Summer is marked by warm weather, long days spent outside, and sunkissed skin — dotted with mosquito bites. Mosquitos are literally summer's biggest buzzkill and professional lawn spraying services can be pretty pricey, leaving many to stock up on insect repellent and calamine lotion instead. However, if you don't want to succumb to those pesky bloodsuckers, consider trying these other affordable ways to get mosquitos out of your yard.

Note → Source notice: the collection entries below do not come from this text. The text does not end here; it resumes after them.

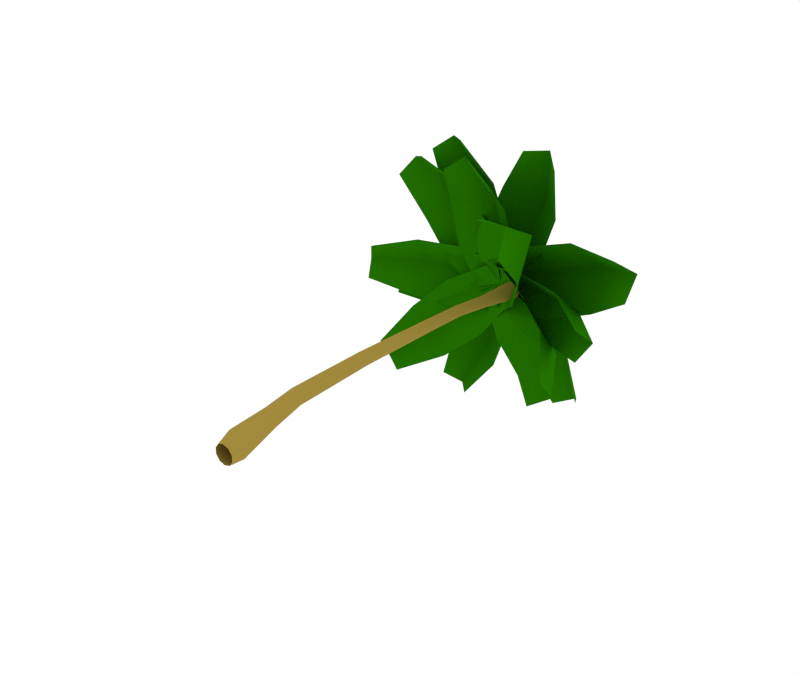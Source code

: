# Source: palm_tree_01.blend  (saved by Blender 2.67.0; exported with 4.5.12 LTS)
import bpy
from mathutils import Matrix  # noqa: F401  (used for matrix-valued properties, if any)

bpy.ops.wm.read_factory_settings(use_empty=True)
scene = bpy.context.scene
scene.name = 'Scene'

# ---- collections
col_collection_1 = bpy.data.collections.new('Collection 1'); scene.collection.children.link(col_collection_1)

# ---- materials (node trees are filled in below, after node groups)
mat_palm_tree_trunk_mat = bpy.data.materials.new('palm tree trunk mat')
mat_palm_tree_trunk_mat.alpha_threshold = 0.0
mat_palm_tree_trunk_mat.use_transparent_shadow = False
mat_palm_tree_trunk_mat.diffuse_color = (0.3672, 0.2608, 0.0475, 1.0)
mat_palm_tree_trunk_mat.specular_color = (0.2423, 0.1022, 0.02843)
mat_palm_tree_trunk_mat.roughness = 0.5
mat_palm_tree_trunk_mat.specular_intensity = 1.0
mat_palm_tree_trunk_mat.line_color = (0.0, 0.0, 0.0, 1.0)
mat_leaf_mat = bpy.data.materials.new('leaf mat')
mat_leaf_mat.alpha_threshold = 0.0
mat_leaf_mat.use_transparent_shadow = False
mat_leaf_mat.diffuse_color = (0.01935, 0.1902, 0.0, 1.0)
mat_leaf_mat.roughness = 0.5
mat_leaf_mat.specular_intensity = 0.0

# ---- material node trees

# ---- world
world_world = bpy.data.worlds.new('World'); scene.world = world_world
world_world.color = (1.0, 1.0, 1.0)
world_world.use_sun_shadow = False
world_world.sun_shadow_jitter_overblur = 0.0
world_world.cycles.sampling_method = 'MANUAL'
world_world.cycles.sample_map_resolution = 256
world_world.light_settings.ao_factor = 0.5

# ---- meshes
me_cylinder = bpy.data.meshes.new('Cylinder')
me_cylinder.from_pydata([(-1.176, 4.966, -0.345), (-1.462, 4.966, 0.04868), (-1.462, 4.966, 0.5353), (-1.176, 4.966, 0.9289), (-0.7132, 4.966, 1.079), (-0.2502, 4.966, 0.9289), (0.0362, 4.966, 0.5353), (0.03624, 4.966, 0.04868), (-0.7131, 4.966, -0.4953), (-0.2502, 4.966, -0.345), (-1.372, 30.21, -0.6256), (-1.561, 30.21, -0.3648), (-1.561, 30.21, -0.04246), (-1.372, 30.21, 0.2183), (-1.065, 30.22, 0.3178), (-0.7586, 30.22, 0.2182), (-0.5691, 30.21, -0.04248), (-0.5691, 30.21, -0.3648), (-1.065, 30.22, -0.7251), (-0.7585, 30.22, -0.6255), (-2.189, 23.86, -0.6928), (-1.547, 7.932, -0.09174), (-2.377, 23.86, -0.4335), (-1.798, 7.932, 0.2532), (-2.377, 23.86, -0.113), (-1.798, 7.932, 0.6795), (-2.189, 23.86, 0.1463), (-1.547, 7.932, 1.024), (-1.884, 23.87, 0.2451), (-1.142, 7.932, 1.156), (-1.579, 23.87, 0.1461), (-0.7369, 7.932, 1.024), (-1.391, 23.87, -0.113), (-0.4859, 7.932, 0.6795), (-1.391, 23.87, -0.4335), (-0.4859, 7.932, 0.2532), (-1.884, 23.87, -0.7916), (-1.142, 7.932, -0.2235), (-1.579, 23.87, -0.6926), (-0.7369, 7.932, -0.09173), (-0.7291, 33.4, -0.6231), (-1.009, 33.4, -0.238), (-1.009, 33.4, 0.238), (-0.7291, 33.4, 0.6231), (-0.2763, 33.4, 0.7702), (0.1766, 33.4, 0.6231), (0.4565, 33.4, 0.238), (0.4566, 33.4, -0.238), (0.1767, 33.4, -0.6231), (-0.2762, 33.4, -0.7702), (-0.4996, -1.93e-07, -0.6655), (-0.7986, -7.373e-08, -0.2542), (-0.7986, 7.373e-08, 0.2542), (-0.4998, 1.93e-07, 0.6655), (-0.01598, 2.386e-07, 0.8225), (0.4679, 1.93e-07, 0.6655), (0.767, 7.373e-08, 0.2542), (0.7671, -7.373e-08, -0.2542), (0.4681, -1.93e-07, -0.6655), (-0.01575, -2.386e-07, -0.8225), (-0.8511, 1.321, -0.8162), (-1.253, 1.321, -0.2638), (-1.253, 1.321, 0.4191), (-0.8513, 1.321, 0.9716), (-0.2015, 1.321, 1.183), (0.4484, 1.321, 0.9716), (0.8503, 1.321, 0.4191), (0.8504, 1.321, -0.2638), (-0.2013, 1.321, -1.027), (0.4486, 1.321, -0.8162), (-1.918, 27.68, -0.6225), (-2.091, 27.71, -0.3809), (-2.091, 27.71, -0.08223), (-1.918, 27.68, 0.1594), (-1.638, 27.64, 0.2515), (-1.359, 27.59, 0.1592), (-1.186, 27.55, -0.08226), (-1.186, 27.55, -0.3809), (-1.638, 27.64, -0.7147), (-1.359, 27.59, -0.6224), (-2.075, 15.79, -0.3923), (-2.295, 15.79, -0.09018), (-2.295, 15.79, 0.2833), (-2.075, 15.79, 0.5854), (-1.721, 15.8, 0.7006), (-1.365, 15.8, 0.5853), (-1.146, 15.79, 0.2832), (-1.146, 15.79, -0.09016), (-1.721, 15.8, -0.5076), (-1.365, 15.8, -0.3922), (-13.97, 30.26, -1.641), (-13.94, 30.66, 1.417), (-2.027, 33.83, -2.248), (-2.115, 34.23, 1.651), (-2.332, 34.71, -0.3733), (-14.81, 31.64, -0.3406), (-10.08, 32.25, -2.997), (-10.2, 32.79, 2.347), (-5.89, 32.88, -3.151), (-6.017, 33.46, 2.554), (-10.91, 34.85, -0.5794), (-6.651, 35.59, -0.5598), (-3.686, 33.42, -2.636), (-3.79, 33.9, 2.039), (-4.163, 35.61, -0.5056), (8.788, 29.05, 0.7011), (8.75, 29.45, -2.357), (-2.698, 33.86, 1.488), (-2.629, 34.25, -2.412), (-2.331, 34.71, -0.3918), (9.748, 30.34, -0.6129), (5.148, 31.44, 2.115), (5.243, 31.97, -3.23), (1.055, 32.51, 2.332), (1.157, 33.08, -3.374), (6.217, 33.94, -0.3162), (2.06, 35.13, -0.2713), (-1.086, 33.28, 1.85), (-1.003, 33.75, -2.825), (-0.4127, 35.41, -0.2877), (-5.152, 29.79, 10.78), (-2.096, 30.02, 11.12), (-4.187, 33.94, -0.9443), (-0.311, 34.13, -0.3897), (-2.322, 34.71, -0.3809), (-3.895, 31.06, 11.84), (-5.948, 32.03, 6.871), (-0.6354, 32.28, 7.631), (-5.58, 32.87, 2.734), (0.0916, 33.14, 3.545), (-3.525, 34.45, 8.114), (-2.972, 35.4, 3.929), (-4.785, 33.48, 0.6351), (-0.1381, 33.7, 1.3), (-2.626, 35.52, 1.468), (-9.573, 33.93, 10.67), (-6.603, 33.98, 12.01), (-4.147, 33.94, -1.362), (-0.4408, 33.93, 0.4953), (-2.318, 34.71, -0.3841), (-8.395, 35.44, 11.74), (-8.696, 34.89, 6.005), (-3.617, 34.89, 8.55), (-6.882, 34.26, 1.955), (-1.46, 34.26, 4.672), (-6.186, 37.5, 7.338), (-4.153, 36.94, 3.28), (-5.321, 34.08, 0.06267), (-0.8785, 34.07, 2.289), (-3.023, 36.19, 1.025), (1.827, 24.85, 9.524), (4.401, 24.3, 7.083), (-4.464, 34.56, 0.7443), (-1.158, 33.69, -2.278), (-2.312, 34.7, -0.3869), (4.171, 25.41, 9.374), (-0.6556, 29.21, 7.725), (3.876, 28.02, 3.583), (-3.164, 31.97, 4.505), (1.674, 30.7, 0.0832), (3.244, 30.65, 6.857), (0.8822, 33.51, 3.452), (-3.906, 33.45, 2.359), (0.05802, 32.41, -1.264), (-0.7023, 34.74, 1.365), (-9.157, 28.58, -8.91), (-11.22, 28.67, -6.622), (-0.7214, 34.08, -1.54), (-3.429, 34.07, 1.295), (-2.342, 34.71, -0.376), (-10.88, 29.67, -8.547), (-5.797, 31.29, -7.399), (-9.507, 31.28, -3.514), (-2.764, 32.61, -4.75), (-6.725, 32.6, -0.6027), (-8.483, 33.47, -6.245), (-5.531, 34.89, -3.421), (-1.599, 33.45, -2.919), (-4.844, 33.44, 0.48), (-3.757, 35.3, -1.725), (5.188, 36.33, -10.62), (2.413, 37.07, -11.93), (-0.714, 33.53, 0.3564), (-4.172, 34.44, -1.459), (-2.344, 34.71, -0.3751), (4.258, 38.14, -11.22), (4.17, 35.99, -6.059), (-0.5702, 37.25, -8.547), (2.136, 34.47, -2.543), (-2.924, 35.81, -5.199), (2.078, 39.03, -6.612), (-0.1607, 37.6, -3.074), (0.5099, 33.93, -0.8885), (-3.636, 35.03, -3.065), (-1.446, 36.39, -1.236), (-13.21, 38.77, 2.123), (-12.22, 38.41, 4.857), (-3.106, 34.28, -2.15), (-2.001, 33.81, 1.377), (-2.315, 34.7, -0.3745), (-12.59, 39.99, 3.548), (-9.666, 38.13, -0.3119), (-8.152, 37.49, 4.521), (-6.499, 36.11, -1.755), (-4.882, 35.42, 3.404), (-8.013, 39.98, 2.111), (-4.688, 37.95, 0.7999), (-4.563, 35.06, -1.98), (-3.238, 34.5, 2.247), (-3.002, 36.46, 0.0741), (-5.114, 33.6, -12.04), (-7.852, 33.89, -10.94), (-0.6005, 33.86, -0.9238), (-4.138, 34.16, 0.3407), (-2.339, 34.71, -0.3731), (-6.467, 35.07, -12.01), (-2.54, 34.48, -8.577), (-7.388, 34.89, -6.844), (-1.05, 33.99, -4.816), (-6.226, 34.43, -2.966), (-4.826, 37.04, -7.886), (-3.463, 36.64, -3.978), (-0.7936, 33.92, -2.595), (-5.035, 34.28, -1.079), (-2.734, 36.01, -1.788), (-14.08, 34.65, -4.694), (-14.68, 34.98, -1.687), (-1.882, 33.79, -2.199), (-2.795, 34.17, 1.595), (-2.326, 34.71, -0.3713), (-14.69, 36.23, -3.498), (-9.536, 35.14, -4.925), (-10.79, 35.66, 0.2742), (-5.483, 34.27, -4.051), (-6.819, 34.82, 1.5), (-10.01, 37.86, -2.533), (-5.898, 37.06, -1.464), (-3.429, 33.99, -2.994), (-4.523, 34.45, 1.554), (-3.65, 36.19, -0.8371), (-12.36, 32.75, 8.029), (-9.911, 32.84, 10.18), (-3.735, 33.92, -1.887), (-0.7238, 33.96, 0.9613), (-2.32, 34.71, -0.3785), (-11.65, 34.22, 9.487), (-10.26, 34.09, 3.885), (-6.129, 34.15, 7.789), (-7.32, 33.87, 0.5069), (-2.915, 33.93, 4.675), (-8.417, 36.71, 6.038), (-5.275, 36.56, 2.718), (-5.274, 33.9, -0.8592), (-1.665, 33.95, 2.556), (-3.499, 36.04, 0.8487), (7.29, 26.7, -3.49), (5.978, 27.03, -6.363), (-1.988, 33.98, 1.605), (-3.575, 34.26, -2.096), (-2.331, 34.71, -0.3945), (7.818, 27.76, -5.268), (5.017, 29.9, -0.8891), (2.843, 30.28, -5.961), (1.569, 31.85, 0.9396), (-0.7523, 32.26, -4.476), (5.37, 32.14, -3.889), (1.807, 34.21, -2.206), (-0.4606, 33.07, 1.319), (-2.363, 33.4, -3.118), (-0.4084, 35.01, -1.196), (10.27, 31.54, 6.213), (11.45, 31.76, 2.829), (-3.329, 33.8, 1.63), (-1.672, 33.96, -2.618), (-2.332, 34.71, -0.3958), (11.55, 33.17, 4.959), (5.257, 33.32, 5.869), (7.529, 33.55, 0.04768), (0.5891, 33.39, 4.278), (3.015, 33.64, -1.937), (6.842, 36.25, 3.246), (2.153, 36.43, 1.423), (-1.647, 33.62, 2.767), (0.3406, 33.82, -2.326), (-0.5163, 36.05, 0.3657), (0.1702, 33.41, 12.55), (3.238, 33.46, 11.44), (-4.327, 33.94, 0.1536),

Related: Getting the Bugs Out: 22 Cheap, Natural Ways to Rid Your Home of Pests


1. Plant Natural Deterrents

There are several plants good for deterring mosquitos, and you can find them at just about any greenhouse. Citronella is a great starting point since its strong scent masks the odors that attract mosquitos. You can rub your hands on the leaves to pull the scent and continue rubbing it on the rest of your exposed skin as a natural repellant. 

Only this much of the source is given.